According to the Complaint, SI Financial Group, Inc. ("SI FI" or the "Company") is the parent holding company for Savings Institute Bank and Trust Company (the “Bank”). The Bank operates as a community-oriented financial institution offering a full range of financial services to consumers and businesses in its market area, including life insurance and annuities.
On December 11, 2018, the Company and Berkshire Hills Bancorp, Inc. ("BHBI") issued a joint press release announcing the Proposed Transaction. Pursuant to the Merger Agreement: (i) SI FI will merge with and into BHBI, with BHBI surviving the merger, and (ii) the separate corporate existence of the Company shall cease.
The Complaint alleges that on January 4, 2019, in order to convince SI FI’s public common stockholders to vote in favor of the Proposed Transaction, BHBI filed a materially incomplete and misleading Form S-4 Registration Statement (the “Proxy”) with the SEC, in violation of Sections 14(a) and 20(a) of the Exchange Act.

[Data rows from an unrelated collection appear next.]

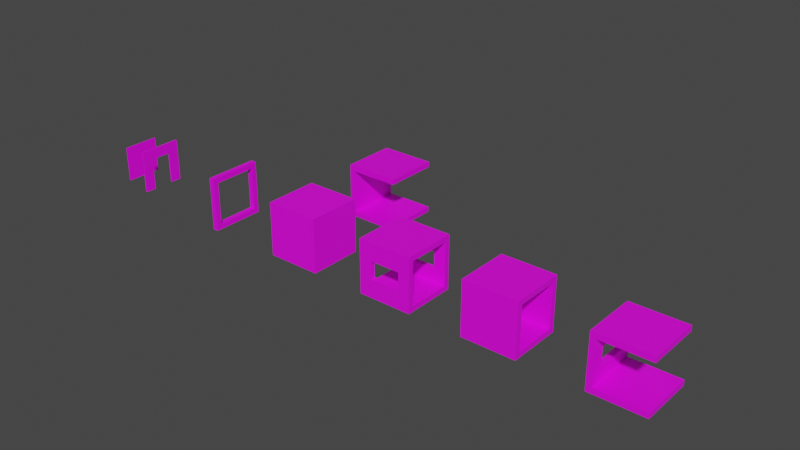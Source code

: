 # Source: TheOuterLevel.blend  (saved by Blender 3.4.6; exported with 4.5.12 LTS)
import bpy
from mathutils import Matrix  # noqa: F401  (used for matrix-valued properties, if any)

bpy.ops.wm.read_factory_settings(use_empty=True)
scene = bpy.context.scene
scene.name = 'Scene'

# ---- collections
col_base = bpy.data.collections.new('_Base'); scene.collection.children.link(col_base)
col_bearingdoorframe = bpy.data.collections.new('BearingDoorFrame'); scene.collection.children.link(col_bearingdoorframe)
col_3x3_pass = bpy.data.collections.new('3x3_Pass'); scene.collection.children.link(col_3x3_pass)
col_3x3_3pass = bpy.data.collections.new('3x3_3Pass'); scene.collection.children.link(col_3x3_3pass)
col_3x3_3passwithwindow = bpy.data.collections.new('3x3_3PassWithWindow'); scene.collection.children.link(col_3x3_3passwithwindow)
col_3x3_bearing = bpy.data.collections.new('3x3_Bearing'); scene.collection.children.link(col_3x3_bearing)
col_3x3_passwith2windows = bpy.data.collections.new('3x3_PassWith2Windows'); scene.collection.children.link(col_3x3_passwith2windows)
col_3x3_door = bpy.data.collections.new('3x3_Door'); scene.collection.children.link(col_3x3_door)

# ---- images (referenced by path relative to the original .blend; pixels are not part of the script)
import os
ASSET_DIR = os.environ.get("B2B_ASSET_DIR", "")  # directory of the original .blend (textures are referenced by path, not embedded)
HERE = os.path.dirname(os.path.abspath(__file__))  # packed textures are extracted next to this script under _unpacked/

def load_image(name, relpath, width, height, colorspace="sRGB"):
    """Load a texture the original file referenced (path relative to the .blend, or extracted next to this script)."""
    p = next((c for c in (os.path.join(HERE, relpath), os.path.join(ASSET_DIR, relpath)) if relpath and os.path.exists(c)), "")
    if p:
        img = bpy.data.images.load(p, check_existing=True)
        img.name = name
    else:  # same state as the original file: an image datablock whose file is absent (Cycles renders it pink)
        img = bpy.data.images.new(name, width, height)
        img.source = "FILE"
        img.filepath = "//" + (relpath or name)
    img.colorspace_settings.name = colorspace
    return img
img_1wh3vs3lfs_jpg = load_image('1wh3Vs3lFs.jpg', 'TheOuterLevel_Assets/1wh3Vs3lFs.jpg', 1024, 1024, 'sRGB')
img_9nfczbjtet_jpg = load_image('9NFczBJteT.jpg', 'TheOuterLevel_Assets/9NFczBJteT.jpg', 1024, 1024, 'sRGB')
img_wln69sd93y_jpg = load_image('wLN69Sd93Y.jpg', 'TheOuterLevel_Assets/wLN69Sd93Y.jpg', 1024, 1024, 'sRGB')
img_16pic_7725922_s_png_001 = load_image('16pic_7725922_s.png.001', 'TheOuterLevel_Assets/16pic_7725922_s.png', 1024, 1024, 'sRGB')
img_16pic_7725922_s_png_002 = load_image('16pic_7725922_s.png.002', '16pic_7725922_s.png', 1024, 1024, 'sRGB')

# ---- materials (node trees are filled in below, after node groups)
mat_metal = bpy.data.materials.new('Metal')
mat_metal.alpha_threshold = 0.0
mat_metal.use_transparent_shadow = False
mat_metal.roughness = 0.5
mat_metal.line_color = (0.0, 0.0, 0.0, 1.0)
mat_metal2 = bpy.data.materials.new('Metal2')
mat_metal2.use_transparent_shadow = False
mat_metal3 = bpy.data.materials.new('Metal3')
mat_metal3.use_transparent_shadow = False
mat_metal4 = bpy.data.materials.new('Metal4')
mat_metal4.use_transparent_shadow = False
mat_metal4.preview_render_type = 'CUBE'
mat_metal4_001 = bpy.data.materials.new('Metal4.001')
mat_metal4_001.use_transparent_shadow = False
mat_metal4_001.preview_render_type = 'CUBE'

# ---- material node trees
mat_metal.use_nodes = True; mat_metal.node_tree.nodes.clear()
_N = mat_metal.node_tree.nodes; _L = mat_metal.node_tree.links
n0 = _N.new('ShaderNodeOutputMaterial'); n0.name = 'Material Output'; n0.location = (300, 300)
n1 = _N.new('ShaderNodeBsdfPrincipled'); n1.name = 'Principled BSDF'; n1.location = (10, 300)
n1.distribution = 'GGX'
n1.subsurface_method = 'RANDOM_WALK_SKIN'
n1.inputs[3].default_value = 1.45
n1.inputs[27].default_value = (0.0, 0.0, 0.0, 1.0)
n1.inputs[28].default_value = 1.0
n2 = _N.new('ShaderNodeTexImage'); n2.name = 'Image Texture'; n2.location = (-280, 275)
n2.image = img_1wh3vs3lfs_jpg
_L.new(n1.outputs[0], n0.inputs[0])
_L.new(n2.outputs[0], n1.inputs[0])
n0.is_active_output = True
mat_metal2.use_nodes = True; mat_metal2.node_tree.nodes.clear()
_N = mat_metal2.node_tree.nodes; _L = mat_metal2.node_tree.links
n0 = _N.new('ShaderNodeBsdfPrincipled'); n0.name = 'Principled BSDF'; n0.location = (10, 300)
n0.distribution = 'GGX'
n0.subsurface_method = 'RANDOM_WALK_SKIN'
n0.inputs[3].default_value = 1.45
n0.inputs[27].default_value = (0.0, 0.0, 0.0, 1.0)
n0.inputs[28].default_value = 1.0
n1 = _N.new('ShaderNodeOutputMaterial'); n1.name = 'Material Output'; n1.location = (300, 300)
n2 = _N.new('ShaderNodeTexImage'); n2.name = 'Image Texture'; n2.location = (-190, 275)
n2.image = img_9nfczbjtet_jpg
_L.new(n0.outputs[0], n1.inputs[0])
_L.new(n2.outputs[0], n0.inputs[0])
n1.is_active_output = True
mat_metal3.use_nodes = True; mat_metal3.node_tree.nodes.clear()
_N = mat_metal3.node_tree.nodes; _L = mat_metal3.node_tree.links
n0 = _N.new('ShaderNodeBsdfPrincipled'); n0.name = 'Principled BSDF'; n0.location = (10, 300)
n0.distribution = 'GGX'
n0.subsurface_method = 'RANDOM_WALK_SKIN'
n0.inputs[3].default_value = 1.45
n0.inputs[27].default_value = (0.0, 0.0, 0.0, 1.0)
n0.inputs[28].default_value = 1.0
n1 = _N.new('ShaderNodeOutputMaterial'); n1.name = 'Material Output'; n1.location = (300, 300)
n2 = _N.new('ShaderNodeTexImage'); n2.name = 'Image Texture'; n2.location = (-280, 275)
n2.image = img_wln69sd93y_jpg
_L.new(n0.outputs[0], n1.inputs[0])
_L.new(n2.outputs[0], n0.inputs[0])
n1.is_active_output = True
mat_metal4.use_nodes = True; mat_metal4.node_tree.nodes.clear()
_N = mat_metal4.node_tree.nodes; _L = mat_metal4.node_tree.links
n0 = _N.new('ShaderNodeBsdfPrincipled'); n0.name = 'Principled BSDF'; n0.location = (10, 300)
n0.distribution = 'GGX'
n0.subsurface_method = 'RANDOM_WALK_SKIN'
n0.inputs[3].default_value = 1.45
n0.inputs[9].default_value = (0.0, 0.2, 0.1)
n0.inputs[27].default_value = (0.0, 0.0, 0.0, 1.0)
n0.inputs[28].default_value = 1.0
n1 = _N.new('ShaderNodeOutputMaterial'); n1.name = 'Material Output'; n1.location = (300, 300)
n2 = _N.new('ShaderNodeTexImage'); n2.name = 'Image Texture'; n2.location = (-280, 275)
n2.image = img_16pic_7725922_s_png_001
_L.new(n0.outputs[0], n1.inputs[0])
_L.new(n2.outputs[0], n0.inputs[0])
n1.is_active_output = True
mat_metal4_001.use_nodes = True; mat_metal4_001.node_tree.nodes.clear()
_N = mat_metal4_001.node_tree.nodes; _L = mat_metal4_001.node_tree.links
n0 = _N.new('ShaderNodeBsdfPrincipled'); n0.name = 'Principled BSDF'; n0.location = (10, 300)
n0.distribution = 'GGX'
n0.subsurface_method = 'RANDOM_WALK_SKIN'
n0.inputs[3].default_value = 1.45
n0.inputs[9].default_value = (0.0, 0.2, 0.1)
n0.inputs[27].default_value = (0.0, 0.0, 0.0, 1.0)
n0.inputs[28].default_value = 1.0
n1 = _N.new('ShaderNodeOutputMaterial'); n1.name = 'Material Output'; n1.location = (300, 300)
n2 = _N.new('ShaderNodeTexImage'); n2.name = 'Image Texture'; n2.location = (-280, 275)
n2.image = img_16pic_7725922_s_png_002
_L.new(n0.outputs[0], n1.inputs[0])
_L.new(n2.outputs[0], n0.inputs[0])
n1.is_active_output = True

# ---- world
world_world = bpy.data.worlds.new('World'); scene.world = world_world
world_world.use_nodes = True; world_world.node_tree.nodes.clear()
_N = world_world.node_tree.nodes; _L = world_world.node_tree.links
n0 = _N.new('ShaderNodeOutputWorld'); n0.name = 'World Output'; n0.location = (300, 300)
n1 = _N.new('ShaderNodeBackground'); n1.name = 'Background'; n1.location = (10, 300)
n1.inputs[0].default_value = (0.05088, 0.05088, 0.05088, 1.0)
_L.new(n1.outputs[0], n0.inputs[0])
n0.is_active_output = True
world_world.color = (0.05088, 0.05088, 0.05088)
world_world.use_sun_shadow = False
world_world.sun_shadow_jitter_overblur = 0.0

# ---- meshes
me_cube_011 = bpy.data.meshes.new('Cube.011')
me_cube_011.from_pydata([(-1.5, -1.502, -1.5), (-1.5, -1.502, 1.5), (-1.5, 1.502, -1.5), (-1.5, 1.502, 1.5), (1.5, -1.502, -1.5), (1.5, -1.502, 1.5), (1.5, 1.502, -1.5), (1.5, 1.502, 1.5)], [], [(0, 1, 3, 2), (2, 3, 7, 6), (6, 7, 5, 4), (4, 5, 1, 0), (2, 6, 4, 0), (7, 3, 1, 5)])
_uv = me_cube_011.uv_layers.new(name='UVMap')
_uv.uv.foreach_set('vector', [0.375, 0.0, 0.625, 0.0, 0.625, 0.25, 0.375, 0.25, 0.375, 0.25, 0.625, 0.25, 0.625, 0.5, 0.375, 0.5, 0.375, 0.5, 0.625, 0.5, 0.625, 0.75, 0.375, 0.75, 0.375, 0.75, 0.625, 0.75, 0.625, 1.0, 0.375, 1.0, 0.125, 0.5, 0.375, 0.5, 0.375, 0.75, 0.125, 0.75, 0.625, 0.5, 0.875, 0.5, 0.875, 0.75, 0.625, 0.75])
me_cube_011.materials.append(mat_metal)
me_cube_011.update()
me_cube_015 = bpy.data.meshes.new('Cube.015')
me_cube_015.from_pydata([(0.0, -1.202, -1.202), (0.0, -1.202, 1.202), (0.0, 1.202, -1.202), (0.0, 1.202, 1.202), (0.0, 1.202, 0.5984), (0.0, -1.202, 0.5984), (0.0, -0.6013, -1.202), (0.0, 0.6013, -1.202), (0.0, 0.6013, 1.202), (0.0, -0.6013, 1.202), (0.0, 0.6013, 0.5984), (0.0, -0.6013, 0.5984)], [], [(0, 5, 11, 6), (10, 8, 3, 4), (5, 1, 9, 11), (8, 10, 11, 9), (7, 10, 4, 2)])
_uv = me_cube_015.uv_layers.new(name='UVMap')
_uv.uv.foreach_set('vector', [0.375, 0.0, 0.5623, 0.0, 0.5623, 0.06245, 0.375, 0.06245, 0.5623, 0.1876, 0.625, 0.1876, 0.625, 0.25, 0.5623, 0.25, 0.5623, 0.0, 0.625, 0.0, 0.625, 0.06245, 0.5623, 0.06245, 0.625, 0.1876, 0.5623, 0.1876, 0.5623, 0.06245, 0.625, 0.06245, 0.375, 0.1876, 0.5623, 0.1876, 0.5623, 0.25, 0.375, 0.25])
me_cube_015.materials.append(mat_metal2)
me_cube_015.update()
me_cube_012 = bpy.data.meshes.new('Cube.012')
me_cube_012.from_pydata([(-1.5, -1.502, -1.5), (-1.5, -1.502, 1.5), (-1.5, 1.502, -1.5), (-1.5, 1.502, 1.5), (1.5, -1.502, -1.5), (1.5, -1.502, 1.5), (1.5, 1.502, -1.5), (1.5, 1.502, 1.5)], [], [(2, 3, 7, 6), (4, 5, 1, 0), (2, 6, 4, 0), (7, 3, 1, 5)])
_uv = me_cube_012.uv_layers.new(name='UVMap')
_uv.uv.foreach_set('vector', [0.375, 0.25, 0.625, 0.25, 0.625, 0.5, 0.375, 0.5, 0.375, 0.75, 0.625, 0.75, 0.625, 1.0, 0.375, 1.0, 0.125, 0.5, 0.375, 0.5, 0.375, 0.75, 0.125, 0.75, 0.625, 0.5, 0.875, 0.5, 0.875, 0.75, 0.625, 0.75])
me_cube_012.materials.append(mat_metal)
me_cube_012.update()
me_cube_013 = bpy.data.meshes.new('Cube.013')
me_cube_013.from_pydata([(-1.5, -1.502, -1.5), (-1.5, -1.502, 1.5), (-1.5, 1.502, -1.5), (-1.5, 1.502, 1.5), (1.5, -1.502, -1.5), (1.5, -1.502, 1.5), (1.5, 1.502, -1.5), (1.5, 1.502, 1.5)], [], [(0, 1, 3, 2), (2, 6, 4, 0), (7, 3, 1, 5)])
_uv = me_cube_013.uv_layers.new(name='UVMap')
_uv.uv.foreach_set('vector', [0.375, 0.0, 0.625, 0.0, 0.625, 0.25, 0.375, 0.25, 0.125, 0.5, 0.375, 0.5, 0.375, 0.75, 0.125, 0.75, 0.625, 0.5, 0.875, 0.5, 0.875, 0.75, 0.625, 0.75])
me_cube_013.materials.append(mat_metal)
me_cube_013.update()
me_cube_014 = bpy.data.meshes.new('Cube.014')
me_cube_014.from_pydata([(-1.0, -1.502, -1.5), (-1.0, -1.502, 1.5), (-1.0, 1.502, -1.5), (-1.0, 1.502, 1.5), (2.0, -1.502, -1.5), (2.0, -1.502, 1.5), (2.0, 1.502, -1.5), (2.0, 1.502, 1.5), (-1.0, -1.502, 0.5004), (-1.0, -1.502, -0.5004), (-1.0, 1.502, -0.5004), (-1.0, 1.502, 0.5004), (-1.0, -0.8478, 1.5), (-1.0, 0.8478, 1.5), (-1.0, -0.8478, -1.5), (-1.0, 0.8478, -1.5), (2.0, -0.8478, -1.5), (2.0, 0.8478, -1.5), (2.0, 0.8478, 1.5), (2.0, -0.8478, 1.5), (-1.0, 0.8478, 0.5004), (-1.0, -0.8478, 0.5004), (-1.0, 0.8478, -0.5004), (-1.0, -0.8478, -0.5004)], [], [(8, 21, 23, 9), (15, 22, 10, 2), (8, 1, 12, 21), (0, 9, 23, 14), (19, 12, 1, 5), (20, 11, 10, 22), (20, 13, 3, 11), (14, 16, 4, 0), (2, 6, 17, 15), (13, 20, 21, 12), (12, 19, 18, 13), (16, 14, 15, 17), (22, 15, 14, 23), (7, 3, 13, 18)])
_uv = me_cube_014.uv_layers.new(name='UVMap')
_uv.uv.foreach_set('vector', [0.5417, 0.0, 0.5417, 0.05446, 0.4583, 0.05446, 0.4583, 0.0, 0.375, 0.1955, 0.4583, 0.1955, 0.4583, 0.25, 0.375, 0.25, 0.5417, 0.0, 0.625, 0.0, 0.625, 0.05446, 0.5417, 0.05446, 0.375, 0.0, 0.4583, 0.0, 0.4583, 0.05446, 0.375, 0.05446, 0.625, 0.6955, 0.875, 0.6955, 0.875, 0.75, 0.625, 0.75, 0.5417, 0.1955, 0.5417, 0.25, 0.4583, 0.25, 0.4583, 0.1955, 0.5417, 0.1955, 0.625, 0.1955, 0.625, 0.25, 0.5417, 0.25, 0.125, 0.6955, 0.375, 0.6955, 0.375, 0.75, 0.125, 0.75, 0.125, 0.5, 0.375, 0.5, 0.375, 0.5545, 0.125, 0.5545, 0.625, 0.1955, 0.5417, 0.1955, 0.5417, 0.05446, 0.625, 0.05446, 0.875, 0.6955, 0.625, 0.6955, 0.625, 0.5545, 0.875, 0.5545, 0.375, 0.6955, 0.125, 0.6955, 0.125, 0.5545, 0.375, 0.5545, 0.4583, 0.1955, 0.375, 0.1955, 0.375, 0.05446, 0.4583, 0.05446, 0.625, 0.5, 0.875, 0.5, 0.875, 0.5545, 0.625, 0.5545])
me_cube_014.materials.append(mat_metal)
me_cube_014.update()
me_cube_018 = bpy.data.meshes.new('Cube.018')
me_cube_018.from_pydata([(-5.684e-14, -1.502, -1.502), (-5.684e-14, -1.502, 1.502), (-5.684e-14, 1.502, -1.502), (-5.684e-14, 1.502, 1.502), (-5.684e-14, -1.201, -1.502), (-5.684e-14, 1.201, -1.502), (-5.684e-14, 1.201, 1.502), (-5.684e-14, -1.201, 1.502), (-5.684e-14, -1.502, 1.202), (-5.684e-14, -1.502, -1.202), (-5.684e-14, 1.502, -1.202), (-5.684e-14, 1.502, 1.202), (-5.684e-14, 1.201, 1.202), (-5.684e-14, 1.201, -1.202), (-5.684e-14, -1.201, 1.202), (-5.684e-14, -1.201, -1.202)], [], [(13, 5, 4, 15), (6, 12, 14, 7), (0, 9, 15, 4), (5, 13, 10, 2), (12, 6, 3, 11), (8, 14, 15, 9), (12, 11, 10, 13), (8, 1, 7, 14)])
_uv = me_cube_018.uv_layers.new(name='UVMap')
_uv.uv.foreach_set('vector', [0.4, 0.225, 0.375, 0.225, 0.375, 0.025, 0.4, 0.025, 0.625, 0.225, 0.6, 0.225, 0.6, 0.025, 0.625, 0.025, 0.375, 0.0, 0.4, 0.0, 0.4, 0.025, 0.375, 0.025, 0.375, 0.225, 0.4, 0.225, 0.4, 0.25, 0.375, 0.25, 0.6, 0.225, 0.625, 0.225, 0.625, 0.25, 0.6, 0.25, 0.6, 0.0, 0.6, 0.025, 0.4, 0.025, 0.4, 0.0, 0.6, 0.225, 0.6, 0.25, 0.4, 0.25, 0.4, 0.225, 0.6, 0.0, 0.625, 0.0, 0.625, 0.025, 0.6, 0.025])
me_cube_018.materials.append(mat_metal3)
me_cube_018.update()
me_cube_010 = bpy.data.meshes.new('Cube.010')
me_cube_010.from_pydata([(-1.5, -1.5, -1.5), (-1.5, -1.5, 1.5), (-1.5, 1.5, -1.5), (-1.5, 1.5, 1.5), (1.5, -1.5, -1.5), (1.5, -1.5, 1.5), (1.5, 1.5, -1.5), (1.5, 1.5, 1.5), (-1.5, -1.5, -0.4998), (-1.5, -1.5, 0.4998), (1.5, -1.5, 0.4998), (1.5, -1.5, -0.4998), (0.8488, 1.5, 1.5), (-0.8488, 1.5, 1.5), (-0.8488, 1.5, -1.5), (0.8488, 1.5, -1.5), (0.8488, -1.5, -1.5), (-0.8488, -1.5, -1.5), (0.8488, -1.5, 1.5), (-0.8488, -1.5, 1.5), (-0.8488, -1.5, 0.4998), (0.8488, -1.5, 0.4998), (-0.8488, -1.5, -0.4998), (0.8488, -1.5, -0.4998), (-0.8488, 1.5, -0.5), (-0.8488, 1.5, 0.5), (0.8488, 1.5, 0.5), (0.8488, 1.5, -0.5), (1.5, 1.5, -0.5), (1.5, 1.5, 0.5), (-1.5, 1.5, 0.5), (-1.5, 1.5, -0.5)], [], [(13, 3, 1, 19), (20, 19, 1, 9), (4, 11, 23, 16), (2, 14, 17, 0), (10, 21, 23, 11), (10, 5, 18, 21), (20, 9, 8, 22), (2, 31, 24, 14), (15, 6, 4, 16), (17, 22, 8, 0), (15, 27, 28, 6), (19, 20, 21, 18), (26, 12, 7, 29), (13, 19, 18, 12), (15, 16, 17, 14), (22, 17, 16, 23), (30, 3, 13, 25), (7, 12, 18, 5), (12, 26, 25, 13), (30, 25, 24, 31), (26, 29, 28, 27), (27, 15, 14, 24)])
_uv = me_cube_010.uv_layers.new(name='UVMap')
_uv.uv.foreach_set('vector', [0.8207, 0.5, 0.875, 0.5, 0.875, 0.75, 0.8207, 0.75, 0.5417, 0.9457, 0.625, 0.9457, 0.625, 1.0, 0.5417, 1.0, 0.375, 0.75, 0.4583, 0.75, 0.4583, 0.8043, 0.375, 0.8043, 0.125, 0.5, 0.1793, 0.5, 0.1793, 0.75, 0.125, 0.75, 0.5417, 0.75, 0.5417, 0.8043, 0.4583, 0.8043, 0.4583, 0.75, 0.5417, 0.75, 0.625, 0.75, 0.625, 0.8043, 0.5417, 0.8043, 0.5417, 0.9457, 0.5417, 1.0, 0.4583, 1.0, 0.4583, 0.9457, 0.375, 0.25, 0.4583, 0.25, 0.4583, 0.3043, 0.375, 0.3043, 0.3207, 0.5, 0.375, 0.5, 0.375, 0.75, 0.3207, 0.75, 0.375, 0.9457, 0.4583, 0.9457, 0.4583, 1.0, 0.375, 1.0, 0.375, 0.4457, 0.4583, 0.4457, 0.4583, 0.5, 0.375, 0.5, 0.625, 0.9457, 0.5417, 0.9457, 0.5417, 0.8043, 0.625, 0.8043, 0.5417, 0.4457, 0.625, 0.4457, 0.625, 0.5, 0.5417, 0.5, 0.8207, 0.5, 0.8207, 0.75, 0.6793, 0.75, 0.6793, 0.5, 0.3207, 0.5, 0.3207, 0.75, 0.1793, 0.75, 0.1793, 0.5, 0.4583, 0.9457, 0.375, 0.9457, 0.375, 0.8043, 0.4583, 0.8043, 0.5417, 0.25, 0.625, 0.25, 0.625, 0.3043, 0.5417, 0.3043, 0.625, 0.5, 0.6793, 0.5, 0.6793, 0.75, 0.625, 0.75, 0.625, 0.4457, 0.5417, 0.4457, 0.5417, 0.3043, 0.625, 0.3043, 0.5417, 0.25, 0.5417, 0.3043, 0.4583, 0.3043, 0.4583, 0.25, 0.5417, 0.4457, 0.5417, 0.5, 0.4583, 0.5, 0.4583, 0.4457, 0.4583, 0.4457, 0.375, 0.4457, 0.375, 0.3043, 0.4583, 0.3043])
me_cube_010.materials.append(mat_metal)
me_cube_010.update()
me_cube = bpy.data.meshes.new('Cube')
me_cube.from_pydata([(0.0, -0.5024, -1.0), (0.0, -0.5024, 1.0), (0.0, 0.5024, -1.0), (0.0, 0.5024, 1.0)], [], [(2, 3, 1, 0)])
_uv = me_cube.uv_layers.new(name='UVMap')
_uv.uv.foreach_set('vector', [0.375, 0.5, 0.625, 0.5, 0.625, 0.75, 0.375, 0.75])
me_cube.materials.append(mat_metal4)
me_cube.update()
me_cube_001 = bpy.data.meshes.new('Cube.001')
me_cube_001.from_pydata([(0.0, -0.5024, -1.0), (0.0, -0.5024, 1.0), (0.0, 0.5024, -1.0), (0.0, 0.5024, 1.0)], [], [(2, 3, 1, 0)])
_uv = me_cube_001.uv_layers.new(name='UVMap')
_uv.uv.foreach_set('vector', [0.375, 0.5, 0.625, 0.5, 0.625, 0.75, 0.375, 0.75])
me_cube_001.materials.append(mat_metal4_001)
me_cube_001.update()

# ---- objects
ob_3x3 = bpy.data.objects.new('3x3', me_cube_011)
ob_bearingdoorframe = bpy.data.objects.new('BearingDoorFrame', me_cube_015)
ob_3x3_pass = bpy.data.objects.new('3x3_Pass', me_cube_012)
ob_3x3_3pass = bpy.data.objects.new('3x3_3Pass', me_cube_013)
ob_3x3_3passwithwindow = bpy.data.objects.new('3x3_3PassWithWindow', me_cube_014)
ob_bearing = bpy.data.objects.new('Bearing', me_cube_018)
ob_3x3_passwith2windows = bpy.data.objects.new('3x3_PassWith2Windows', me_cube_010)
ob_rightdoor = bpy.data.objects.new('RightDoor', me_cube)
ob_leftdoor = bpy.data.objects.new('LeftDoor', me_cube_001)

# ---- transforms, parenting, visibility, modifiers, constraints
ob_3x3.location = (0.0, 0.0, 0.0)
ob_bearingdoorframe.location = (-12.0, 0.0, 0.0)
_m = ob_bearingdoorframe.modifiers.new('Solidify', 'SOLIDIFY')
_m.thickness = 0.1
_m.use_even_offset = True
ob_3x3_pass.location = (12.0, 0.0, 0.0)
_m = ob_3x3_pass.modifiers.new('Solidify', 'SOLIDIFY')
_m.thickness = 0.3
_m.use_even_offset = True
ob_3x3_3pass.location = (0.0, 6.0, 0.0)
_m = ob_3x3_3pass.modifiers.new('Solidify', 'SOLIDIFY')
_m.thickness = 0.3
_m.use_even_offset = True
ob_3x3_3passwithwindow.location = (18.0, 0.0, 0.0)
_m = ob_3x3_3passwithwindow.modifiers.new('Solidify', 'SOLIDIFY')
_m.thickness = 0.3
_m.use_even_offset = True
ob_bearing.location = (-6.0, 0.0, 0.0)
_m = ob_bearing.modifiers.new('Solidify', 'SOLIDIFY')
_m.thickness = 0.3
_m.use_even_offset = True
ob_3x3_passwith2windows.location = (6.0, 0.0, 0.0)
_m = ob_3x3_passwith2windows.modifiers.new('Solidify', 'SOLIDIFY')
_m.thickness = 0.3
_m.use_even_offset = True
ob_rightdoor.location = (-13.52, 0.4211, 0.0)
_m = ob_rightdoor.modifiers.new('Solidify', 'SOLIDIFY')
_m.thickness = 0.05
ob_leftdoor.location = (-13.52, -0.5789, 0.0)
_m = ob_leftdoor.modifiers.new('Solidify', 'SOLIDIFY')
_m.thickness = 0.05

# ---- collection membership
col_base.objects.link(ob_3x3)
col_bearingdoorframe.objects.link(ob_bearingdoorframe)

On May 13, 2019, Plaintiff filed an amended Complaint. The Court issued an Order consolidating cases on May 20. Plaintiff filed a consolidated amended Complaint on June 19. On June 25, the Court issued an Order appointing Lead Plaintiff and Counsel. Defendants filed a Motion to Dismiss the consolidated amended Complaint on July 26. On April 16, 2020, the Court issued an Order granting Defendants' Motion to Dismiss and dismissed the federal claims with prejudice. Lead Plaintiff filed a notice appealing the Court's Dismissal Order on May 21. The appeal was voluntarily dismissed on June 9.